_Required work_
Omit the pictures and output every entry below exactly as written.

_Data for review_
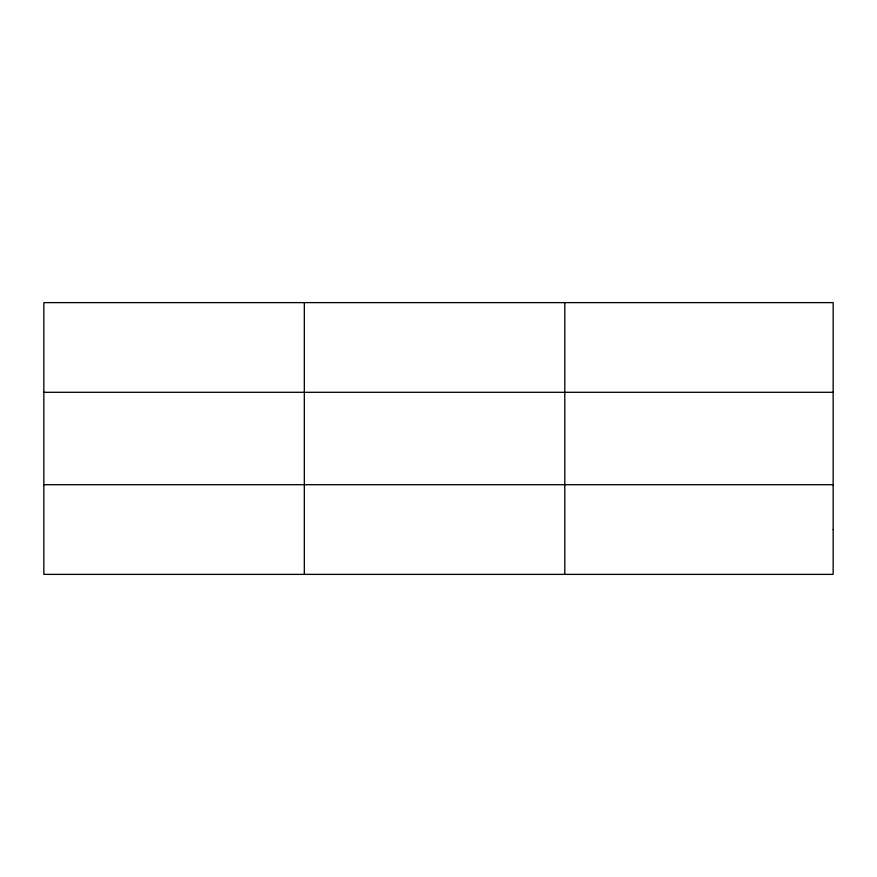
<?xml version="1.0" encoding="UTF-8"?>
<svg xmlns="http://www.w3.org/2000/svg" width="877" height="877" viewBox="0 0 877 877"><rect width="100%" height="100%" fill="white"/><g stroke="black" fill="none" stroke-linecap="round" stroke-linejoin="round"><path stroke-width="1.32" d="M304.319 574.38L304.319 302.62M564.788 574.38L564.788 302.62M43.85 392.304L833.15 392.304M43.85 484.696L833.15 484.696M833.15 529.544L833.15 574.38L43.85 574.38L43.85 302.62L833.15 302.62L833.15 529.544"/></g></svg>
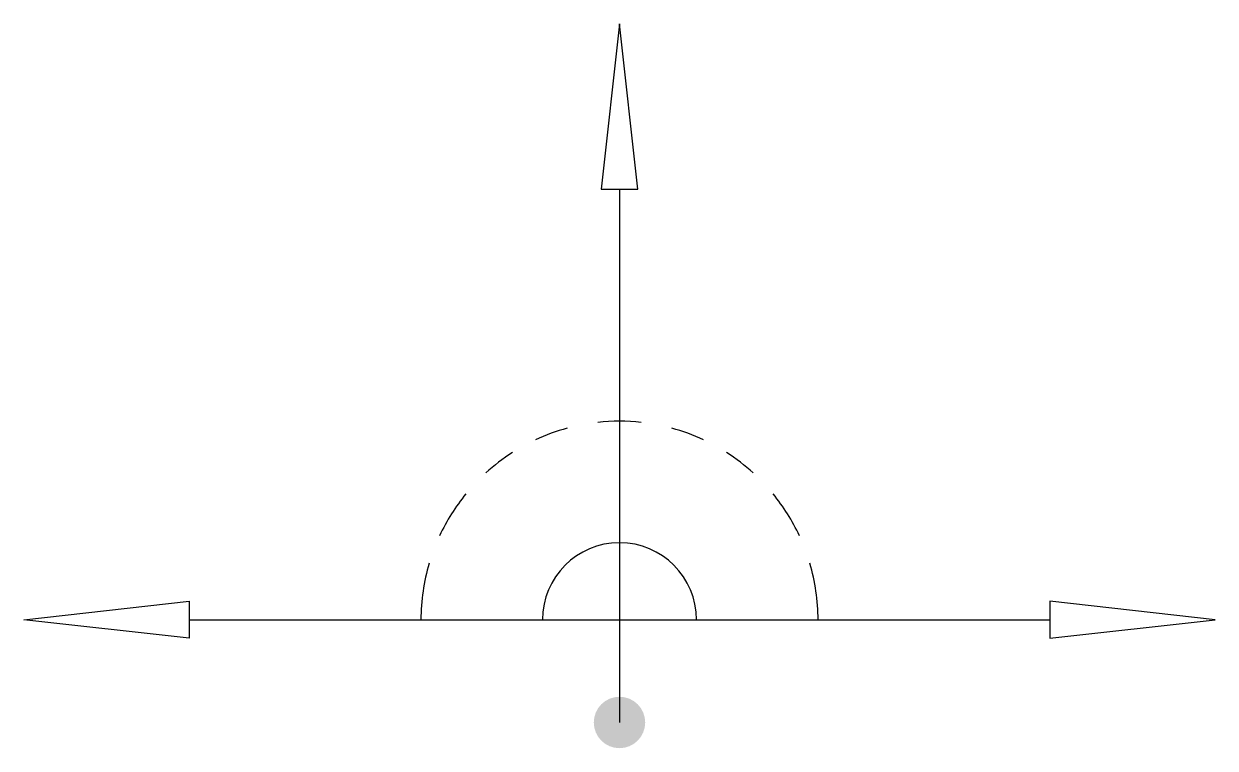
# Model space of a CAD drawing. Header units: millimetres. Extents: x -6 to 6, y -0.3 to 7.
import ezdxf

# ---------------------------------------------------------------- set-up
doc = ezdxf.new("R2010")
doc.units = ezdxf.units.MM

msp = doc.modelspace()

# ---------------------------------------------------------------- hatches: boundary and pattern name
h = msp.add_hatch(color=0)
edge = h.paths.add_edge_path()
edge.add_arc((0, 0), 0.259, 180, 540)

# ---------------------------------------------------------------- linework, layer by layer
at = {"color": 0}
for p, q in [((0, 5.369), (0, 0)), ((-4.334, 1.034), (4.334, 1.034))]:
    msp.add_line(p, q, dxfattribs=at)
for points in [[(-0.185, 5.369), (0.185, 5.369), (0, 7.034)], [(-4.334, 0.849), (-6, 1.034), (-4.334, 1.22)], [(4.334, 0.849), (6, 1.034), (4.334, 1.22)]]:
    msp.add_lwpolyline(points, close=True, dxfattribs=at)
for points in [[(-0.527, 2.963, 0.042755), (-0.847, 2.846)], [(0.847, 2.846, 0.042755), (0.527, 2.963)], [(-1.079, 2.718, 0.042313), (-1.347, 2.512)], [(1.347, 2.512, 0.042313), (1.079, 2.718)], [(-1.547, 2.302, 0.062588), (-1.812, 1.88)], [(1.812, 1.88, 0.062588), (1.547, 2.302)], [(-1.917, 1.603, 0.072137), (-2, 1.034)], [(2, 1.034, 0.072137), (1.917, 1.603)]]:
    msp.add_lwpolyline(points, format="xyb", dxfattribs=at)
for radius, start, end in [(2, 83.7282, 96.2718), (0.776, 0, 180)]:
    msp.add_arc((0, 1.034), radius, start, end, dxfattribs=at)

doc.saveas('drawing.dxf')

_Output below_
<?xml version="1.0" encoding="UTF-8"?>
<svg xmlns="http://www.w3.org/2000/svg" width="877" height="877" viewBox="0 0 877 877"><rect width="100%" height="100%" fill="white"/><g stroke="black" fill="none" stroke-linecap="round" stroke-linejoin="round"><path stroke-width="1.32" d="M304.319 574.38L304.319 302.62M564.788 574.38L564.788 302.62M43.85 392.304L833.15 392.304M43.85 484.696L833.15 484.696M833.15 529.544L833.15 574.38L43.85 574.38L43.85 302.62L833.15 302.62L833.15 529.544"/></g></svg>
# Model space of a CAD drawing. Header units: millimetres. Extents: x -6 to 6, y -0.3 to 7.
import ezdxf

# ---------------------------------------------------------------- set-up
doc = ezdxf.new("R2010")
doc.units = ezdxf.units.MM

msp = doc.modelspace()

# ---------------------------------------------------------------- hatches: boundary and pattern name
h = msp.add_hatch(color=0)
edge = h.paths.add_edge_path()
edge.add_arc((0, 0), 0.259, 180, 540)

# ---------------------------------------------------------------- linework, layer by layer
at = {"color": 0}
for p, q in [((0, 5.369), (0, 0)), ((-4.334, 1.034), (4.334, 1.034))]:
    msp.add_line(p, q, dxfattribs=at)
for points in [[(-0.185, 5.369), (0.185, 5.369), (0, 7.034)], [(-4.334, 0.849), (-6, 1.034), (-4.334, 1.22)], [(4.334, 0.849), (6, 1.034), (4.334, 1.22)]]:
    msp.add_lwpolyline(points, close=True, dxfattribs=at)
for points in [[(-0.527, 2.963, 0.042755), (-0.847, 2.846)], [(0.847, 2.846, 0.042755), (0.527, 2.963)], [(-1.079, 2.718, 0.042313), (-1.347, 2.512)], [(1.347, 2.512, 0.042313), (1.079, 2.718)], [(-1.547, 2.302, 0.062588), (-1.812, 1.88)], [(1.812, 1.88, 0.062588), (1.547, 2.302)], [(-1.917, 1.603, 0.072137), (-2, 1.034)], [(2, 1.034, 0.072137), (1.917, 1.603)]]:
    msp.add_lwpolyline(points, format="xyb", dxfattribs=at)
for radius, start, end in [(2, 83.7282, 96.2718), (0.776, 0, 180)]:
    msp.add_arc((0, 1.034), radius, start, end, dxfattribs=at)

doc.saveas('drawing.dxf')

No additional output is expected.